No extra charge for the brilliant suggestion. …
A tip of the headband to Illinois’ and Kansas’ men’s basketball programs for scheduling a charity exhibition — on Oct. 29 in Champaign — to raise money for relief efforts after the devastating Maui wildfires. That’s how you do it.
THIS YOU GOTTA SEE
Real Sports With Bryant Gumbel (10 p.m. Tuesday, HBO): A special edition focuses on man’s best friend, with segments on running guide dogs for the blind, high-flying agility dogs and those totally bad-ass Iditarod sled dogs. Ruff stuff.
Notre Dame vs. Navy (1:30 p.m. Saturday, Ch. 5): The Irish and Midshipmen light the college football candle in Dublin, Ireland. The winner will try to avoid going winless from there as Northwestern did last season.
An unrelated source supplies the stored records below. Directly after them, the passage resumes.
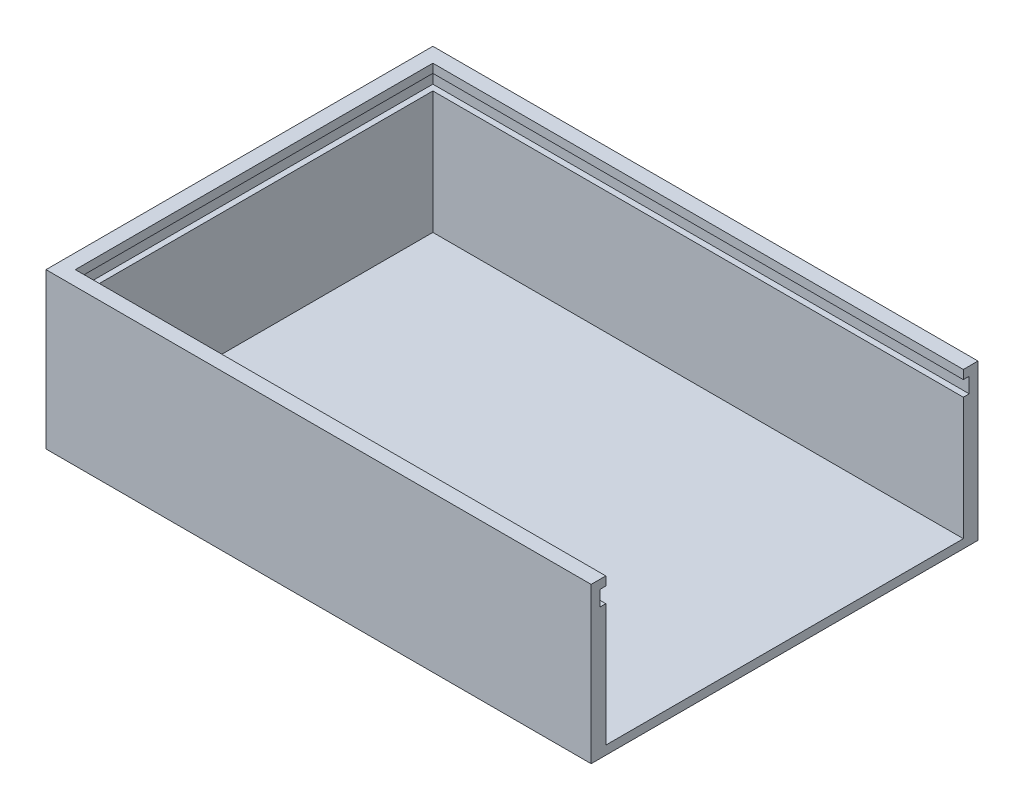
SolidWorks part; units mm, degrees
ref_plane "Front" through (0, 0, 0) normal (0, 0, 1) x (1, 0, 0)
ref_plane "Top" through (0, 0, 0) normal (0, 1, 0) x (1, 0, 0)
ref_plane "Right" through (0, 0, 0) normal (1, 0, 0) x (0, 0, -1)
sketch "Esquisse1" plane through (0, 0, 0) normal (0, 1, 0) x (1, 0, 0)
  line L1 (-93, 66) -> (93, 66)
  line L2 (-93, 66) -> (-93, -66)
  line L3 (-93, -66) -> (93, -66)
  line L4 (93, 66) -> (93, -66)
  line L5 (-93, 66) -> (93, -66) construction
  line L6 (-93, -66) -> (93, 66) construction
  point P0 (0, 0)
  dimension "D1" = 186
  dimension "D2" = 132
extrude "Boss.-Extru.1" add sketch "Esquisse1" along normal blind 3
sketch "Esquisse4" plane through (0, 3, 0) normal (0, 1, 0) x (1, 0, 0)
  line L0 (-93, 66) -> (-93, -66) construction
  line L1 (93, 66) -> (-93, 66)
  line L2 (93, 66) -> (93, 61)
  line L3 (93, 61) -> (-93, 61)
  line L4 (-93, 66) -> (-93, 61)
  line L6 (93, -66) -> (-93, -66)
  line L7 (93, -66) -> (93, -61)
  line L8 (93, -61) -> (-93, -61)
  line L9 (-93, -66) -> (-93, -61)
  line L10 (-93, -61) -> (-88, -61)
  line L11 (-93, -61) -> (-93, 61)
  line L12 (-93, 61) -> (-88, 61)
  line L13 (-88, -61) -> (-88, 61)
  line M9 (93, -66) -> (93, 66)
  line M10 (93, 66) -> (-93, 66)
  line M11 (-93, 66) -> (-93, -66)
  line M12 (-93, -66) -> (93, -66)
  dimension "D1" = 5
  dimension "D2" = 5
  dimension "D3" = 5
extrude "Boss.-Extru.4" add sketch "Esquisse4" along normal blind 50 contours L3 M9 M10 M11 | L8 L13 L3 M11 | L8 M9 M11 M12 region at (0, 3, -63.5) region at (-90.5, 3, 0) region at (0, 3, 63.5)
sketch "Esquisse5" plane through (93, 0, 0) normal (1, 0, 0) x (0, 0, -1)
  line L0 (-61, 53) -> (-61, 3) construction
  line L1 (-63, 50) -> (63, 50)
  line L2 (-63, 50) -> (-63, 44.8)
  line L3 (-63, 44.8) -> (63, 44.8)
  line L4 (63, 50) -> (63, 44.8)
  line L5 (61, 53) -> (61, 3) construction
  line L6 (61, 53) -> (66, 53) construction
  dimension "D1" = 2
  dimension "D2" = 2
  dimension "D3" = 3
  dimension "D4" = 5.2
extrude "Enlèv. mat.-Extru.1" cut sketch "Esquisse5" against normal blind 183
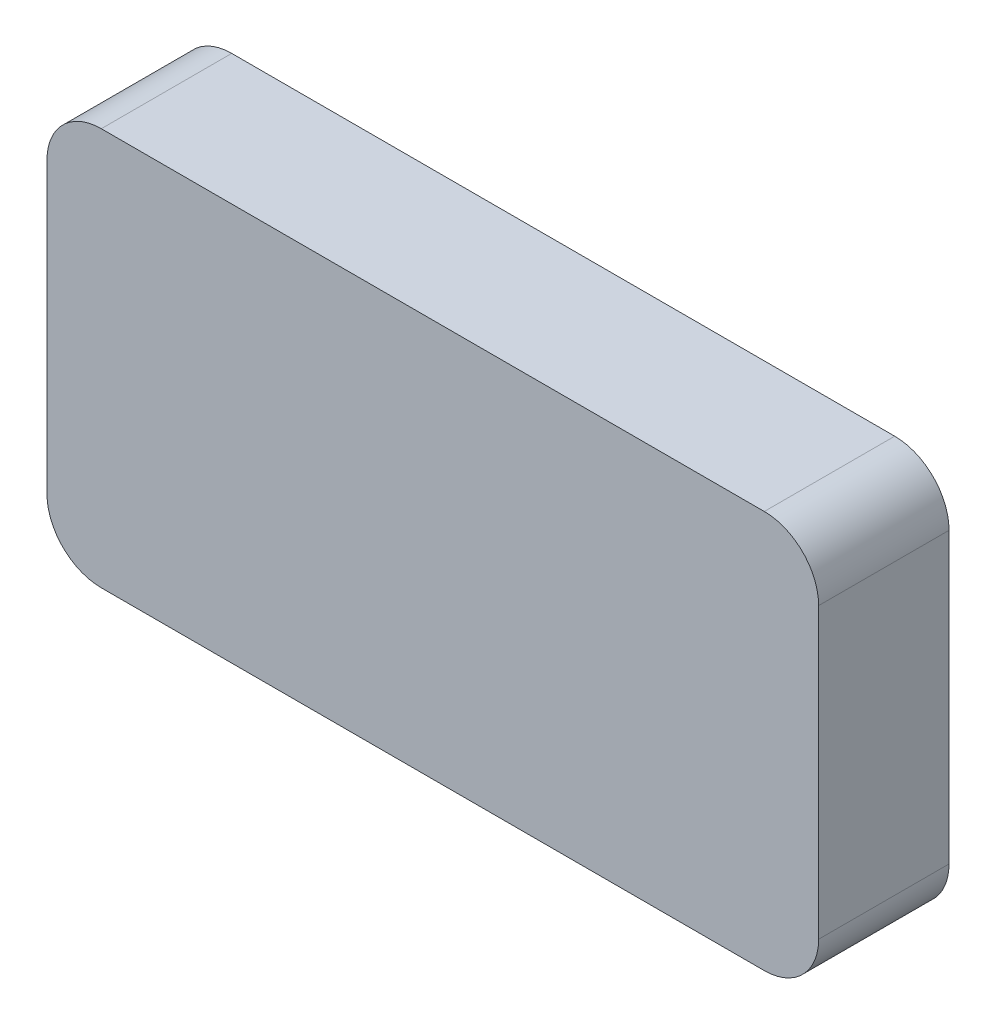
SolidWorks part; units mm, degrees
ref_plane "Plan de face" through (0, 0, 0) normal (0, 0, 1) x (1, 0, 0)
ref_plane "Plan de dessus" through (0, 0, 0) normal (0, 1, 0) x (1, 0, 0)
ref_plane "Plan de droite" through (0, 0, 0) normal (1, 0, 0) x (0, 0, -1)
sketch "Sketch2" plane through (0, 0, 0) normal (0, 0, 1) x (1, 0, 0)
  line L1 (21.3, -10.975) -> (-21.3, -10.975)
  line L2 (21.3, -10.975) -> (21.3, 10.975)
  line L3 (21.3, 10.975) -> (-21.3, 10.975)
  line L4 (-21.3, -10.975) -> (-21.3, 10.975)
  line L5 (21.3, -10.975) -> (-21.3, 10.975) construction
  line L6 (21.3, 10.975) -> (-21.3, -10.975) construction
  point P0 (0, 0)
  dimension "D1" = 42.6
  dimension "D2" = 21.95
extrude "Boss-Extrude1" add sketch "Sketch2" along normal blind 7.2
fillet "Fillet1" radius 3 4 edges at (-21.3, -10.975, 3.6) (21.3, -10.975, 3.6) (21.3, 10.975, 3.6) (-21.3, 10.975, 3.6)
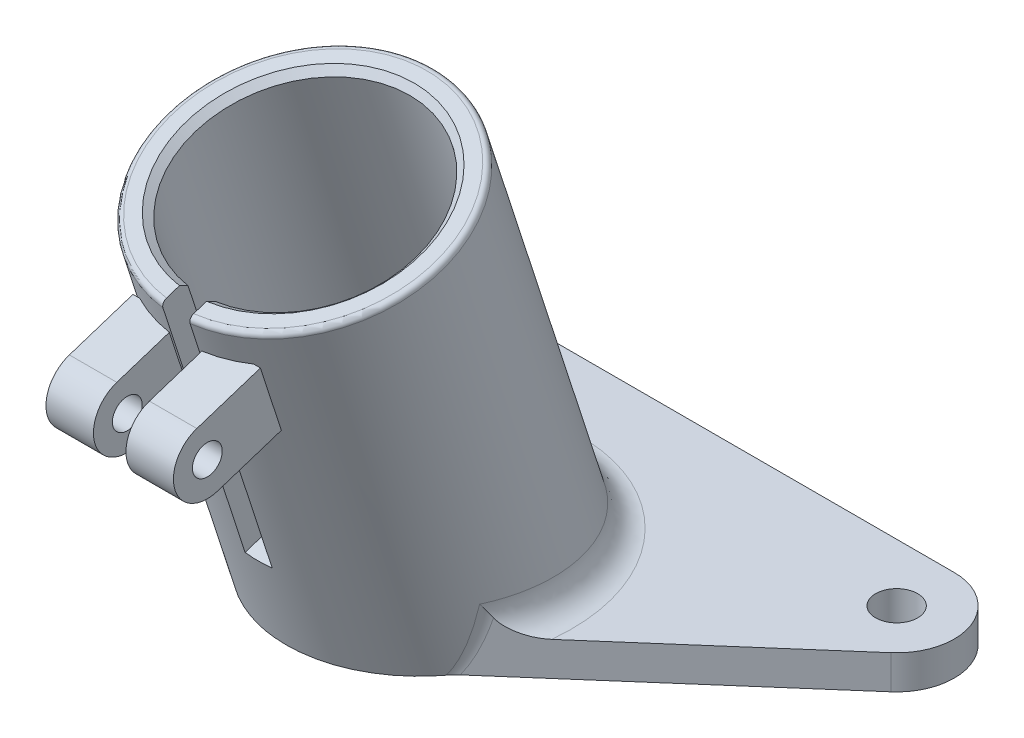
SolidWorks part; units mm, degrees
material "ABS"
ref_plane "Front Plane" through (0, 0, 0) normal (0, 0, 1) x (1, 0, 0)
ref_plane "Top Plane" through (0, 0, 0) normal (0, 1, 0) x (1, 0, 0)
ref_plane "Right Plane" through (0, 0, 0) normal (1, 0, 0) x (0, 0, -1)
sketch "Sketch1" plane through (0, 0, 0) normal (0, 1, 0) x (1, 0, 0)
  line L0 (-22.5, 12) -> (22.5, 12) construction
  line L5 (-22.5, 16.25) -> (22.5, 16.25)
  line L6 (-25.2941, 8.7976) -> (-6.5743, -7.5352)
  line L7 (25.2941, 8.7976) -> (6.5743, -7.5352)
  arc A0 (-6.5743, -7.5352) -> (6.5743, -7.5352) centre (0, 0) ccw
  circle A2 centre (-22.5, 12) radius 1.55
  circle A3 centre (22.5, 12) radius 1.55
  circle A4 centre (-22.5, 12) radius 4.25
  circle A5 centre (22.5, 12) radius 4.25
  point P0 (0, 0)
  point P13 (0, 12)
  dimension "D2" = 20
  dimension "D3" = 3.1
  dimension "D6" = 8.5
  dimension "D4" = 45
  dimension "D5" = 12
extrude "Boss-Extrude1" add sketch "Sketch1" along normal blind 2.5 contours L0 A4 L6 A0 L7 A5 | A2 A4 | A4 L0 A5 L5 | A5 A3 | A0 region at (-20.7908, 0, -8.2405) region at (0, 0, -14.181) region at (0, 0, -3.2808) region at (19.5798, 0, -14.9202)
sketch3d "3DSketch1"
  line L0 (0, 0, 0) -> (0, 28.2698, 0) construction
  line L1 (0, 0, 0) -> (0, 28.5317, 9.2705)
  dimension "D1" = 18
  dimension "D2" = 30
sweep "Sweep1" add path "3DSketch1" circular profile diameter 20 parameters "D3"=20
sketch "Sketch20" plane through (0, 28.5317, 9.2705) normal (0, 0.9511, 0.309) x (1, 0, 0)
  circle A0 centre (0, 0) radius 8.1
  dimension "D1" = 16.2
extrude "Cut-Extrude1" cut sketch "Sketch20" against normal blind 20 and the other way through all
sketch "Sketch21" plane through (0, 0, 0) normal (0, -0.9511, -0.309) x (1, 0, 0)
  circle A6 centre (0, 0) radius 10
  arc A7 (10, 0) -> (-10, 0) centre (0, 0) ccw construction
sketch "Sketch22" plane through (0, 0, -16.25) normal (0, 0, -1) x (-1, 0, 0)
  line L1 (-22.5, 0) -> (22.5, 0)
  line L2 (-22.5, 0) -> (-22.5, -12.6031)
  line L3 (-22.5, -12.6031) -> (22.5, -12.6031)
  line L4 (22.5, 0) -> (22.5, -12.6031)
  line L5 (-22.5, 0) -> (22.5, -12.6031) construction
  line L6 (-22.5, -12.6031) -> (22.5, 0) construction
  point P4 (0, -6.3016)
extrude "Boss-Extrude5" add sketch "Sketch21" along normal blind 5
extrude "Cut-Extrude3" cut sketch "Sketch22" against normal through all both and the other way through all
ref_plane "Plane1" through (0, 0, 0) normal (0, -0.309, 0.9511) x (1, 0, 0)
sketch "Sketch28" plane through (0, 0, 0) normal (0, -0.309, 0.9511) x (1, 0, 0)
  line L0 (10, 30) -> (-10, 30) construction
  line L1 (-1, 30) -> (1, 30)
  line L2 (-1, 30) -> (-1, 10)
  line L3 (-1, 10) -> (1, 10)
  line L4 (1, 30) -> (1, 10)
  line L5 (-1, 30) -> (1, 10) construction
  line L6 (-1, 10) -> (1, 30) construction
  line L7 (0, 0) -> (0, 30) construction
  point P4 (0, 20)
  dimension "D1" = 20
  dimension "D2" = 2
extrude "Cut-Extrude4" cut sketch "Sketch28" against normal blind 5 and the other way through all
ref_plane "Plane2" through (0, 0, 0) normal (1, 0, 0) x (0, 0, -1)
sketch "Sketch29" plane through (0, 0, 0) normal (1, 0, 0) x (0, 0, -1)
  line L0 (-21.0402, 19.4502) -> (-7.7254, 23.7764) construction
  line L1 (0, 0) -> (-9.2705, 28.5317) construction
  line L2 (-17.1256, 23.3508) -> (-21.8128, 21.8278)
  line L3 (-20.2677, 17.0725) -> (-15.5805, 18.5955)
  line L4 (-15.5805, 18.5955) -> (-17.1256, 23.3508)
  line L5 (0.2401, 31.6219) -> (-18.7334, 25.457) construction
  circle A0 centre (-21.0402, 19.4502) radius 1.1
  circle A1 centre (-21.0402, 19.4502) radius 2.5
  dimension "D1" = 2.2
  dimension "D2" = 5
  dimension "D3" = 5
  dimension "D4" = 14
extrude "Boss-Extrude6" add sketch "Sketch29" along normal blind 3.5 from offset 1.2 contours A0 A1 | A1 L0 L4 L2 | L0 A1 L3 L4 region at (0, 19.8302, 18.6408) region at (0, 21.8066, 18.2378) region at (0, 19.191, 17.3879)
extrude "Boss-Extrude7" add sketch "Sketch29<3>" against normal blind 3.5 from offset 1.2 contours A1 L0 L4 L2 | L0 A1 L3 L4 | A0 A1 region at (0, 19.8302, 18.6408) region at (0, 21.8066, 18.2378) region at (0, 19.191, 17.3879) offset against normal yes
sketch "Sketch29<3>" plane through (0, 0, 0) normal (1, 0, 0) x (0, 0, -1) same geometry as "Sketch29"
chamfer "Chamfer1" distance 0.5 angle 45 1 edges at (0, 31.0347, 1.567)
fillet "Fillet1" radius 2 3 edges at (-8.543, 1.0839, 5.8175) (8.543, 1.0839, 5.8175) (0, 2.5, -9.7023)
fillet "Fillet3" radius 0.4 1 edges at (0, 31.6219, -0.2401)
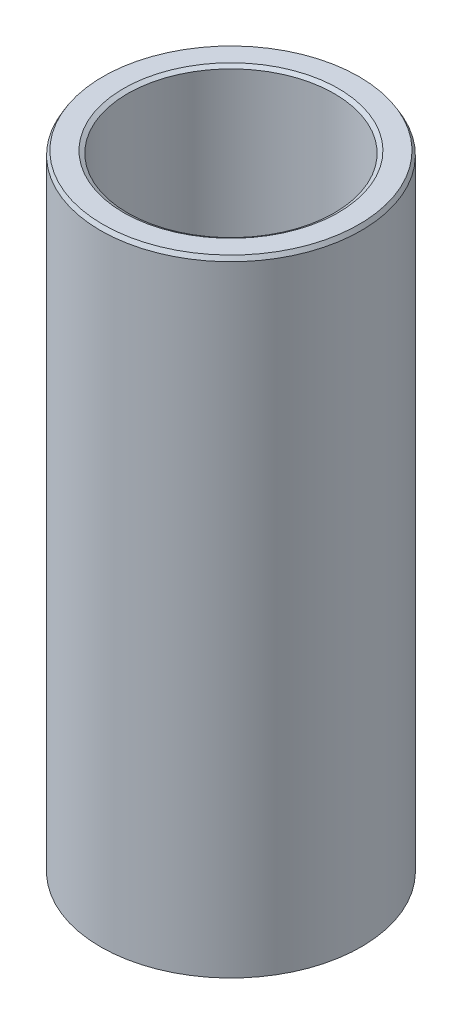
SolidWorks part; units mm, degrees
ref_plane "Front Plane" through (0, 0, 0) normal (0, 0, 1) x (1, 0, 0)
ref_plane "Top Plane" through (0, 0, 0) normal (0, 1, 0) x (1, 0, 0)
ref_plane "Right Plane" through (0, 0, 0) normal (1, 0, 0) x (0, 0, -1)
sketch "Sketch1" plane through (0, 0, 0) normal (0, 1, 0) x (1, 0, 0)
  circle A0 centre (0, 0) radius 40
  dimension "SLEEVE_OD" = 80
extrude "Boss-Extrude1" add sketch "Sketch1" along normal blind 192.239
sketch "Sketch2" plane through (0, 0, 0) normal (0, 1, 0) x (1, 0, 0)
  circle A0 centre (0, 0) radius 31.7063
  dimension "BORE_D" = 63.4125
extrude "Cut-Extrude1" cut sketch "Sketch2" along normal through all
chamfer "Chamfer1" distance 1.2578 angle 30 4 edges at (0, 192.239, 31.7063) (0, 0, 31.7063) (0, 0, 40) (0, 192.239, 40) first distance on face at (0, 192.239, 31.7063) first distance on face at (0, 0, 31.7063) first distance on face at (0, 192.239, 40)
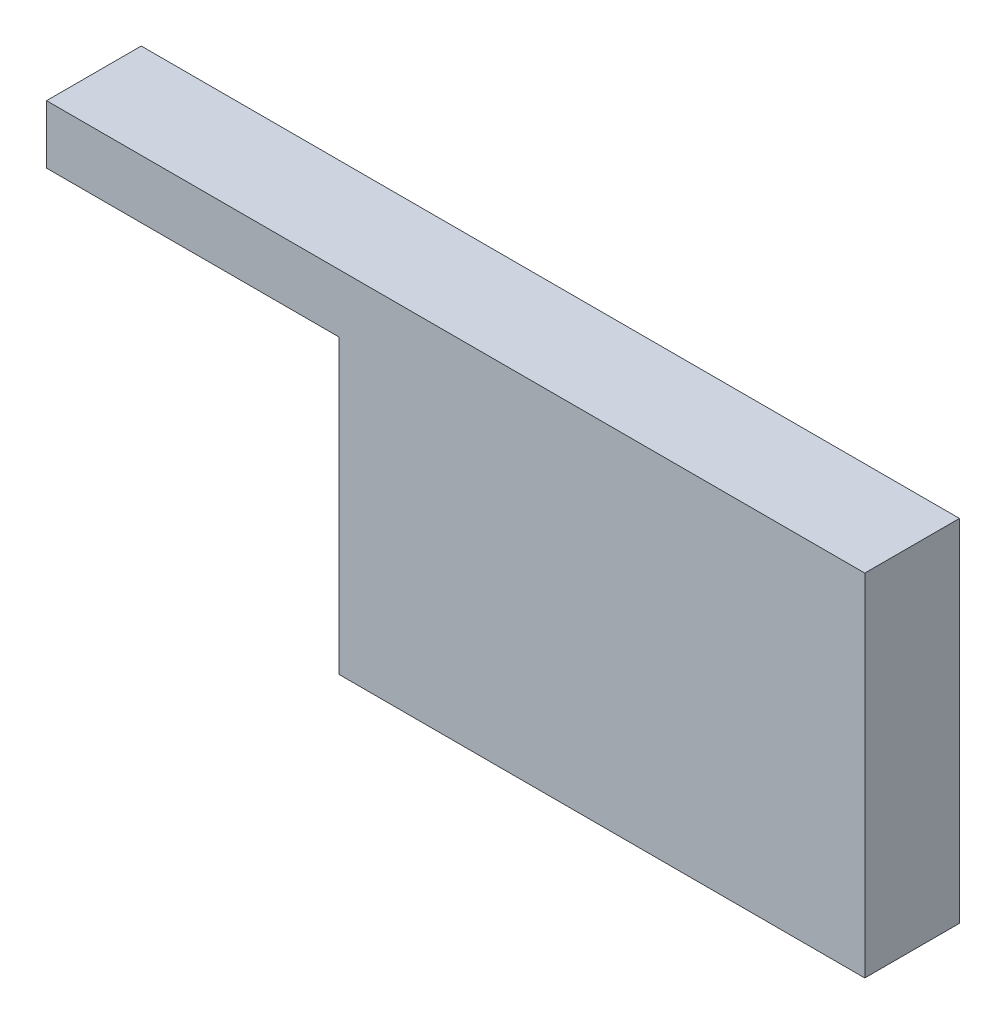
SolidWorks part; units mm, degrees
ref_plane "Plan de face" through (0, 0, 0) normal (0, 0, 1) x (1, 0, 0)
ref_plane "Plan de dessus" through (0, 0, 0) normal (0, 1, 0) x (1, 0, 0)
ref_plane "Plan de droite" through (0, 0, 0) normal (1, 0, 0) x (0, 0, -1)
sketch "Esquisse1" plane through (0, 0, 0) normal (0, 0, 1) x (1, 0, 0)
  line L1 (0, 0) -> (45, 0)
  line L2 (0, 0) -> (0, 30)
  line L3 (0, 30) -> (45, 30)
  line L4 (45, 0) -> (45, 30)
  dimension "D1" = 45
  dimension "D2" = 30
extrude "Boss.-Extru.1" add sketch "Esquisse1" along normal blind 8.1
sketch "Esquisse2" plane through (0, 0, 8.1) normal (0, 0, 1) x (1, 0, 0)
  line L1 (0, 30) -> (-25, 30)
  line L2 (0, 30) -> (0, 25)
  line L3 (0, 25) -> (-25, 25)
  line L4 (-25, 30) -> (-25, 25)
  dimension "D1" = 5
  dimension "D2" = 25
extrude "Boss.-Extru.2" add sketch "Esquisse2" against normal up to vertex (8.1 mm away) up to point (0, 30, 0)
sketch "Esquisse3" plane through (0, 0, 8.1) normal (0, 0, 1) x (1, 0, 0)
  line L0 (-22.5526, 28.1071) -> (-4.7113, 28.1071) construction
  circle A0 centre (-4.7113, 28.1071) radius 1.4085
  circle A1 centre (-22.5526, 28.1071) radius 1
  dimension "D1" = 2

Little League World Series championship (2 p.m. Sunday, Ch. 7): They’re all winners, aren’t they? Yeah, yeah, that’s totally something Mom would say.
THE BOTTOM FIVE
The Angels: They hit a grand slam and turned a triple play Friday and still lost the game. That’s basically the single-day version of having Shohei Ohtani and Mike Trout on the team for a half-dozen years without making the playoffs.
Fantasy drafts: Nothing says football like a bunch of dorks sitting around a table in ill-fitting jerseys pretending to be GMs while sprinkling in tales of high school gridiron glory.
Old Blighty: England’s loss to Spain in Sunday’s final left it stuck on zero World Cup titles — women’s or men’s — since 1966. That’ll crumble some crumpets.
P.J. Walker: His 1-for-4 day in Indianapolis won’t help him hold down the Bears’ No. 2 quarterback role. On the bright side, the White Sox offered him a job batting leadoff.
Baby bets: Baseball, hot dogs, apple pie and legally wagering on Little Leaguers. God bless America, right?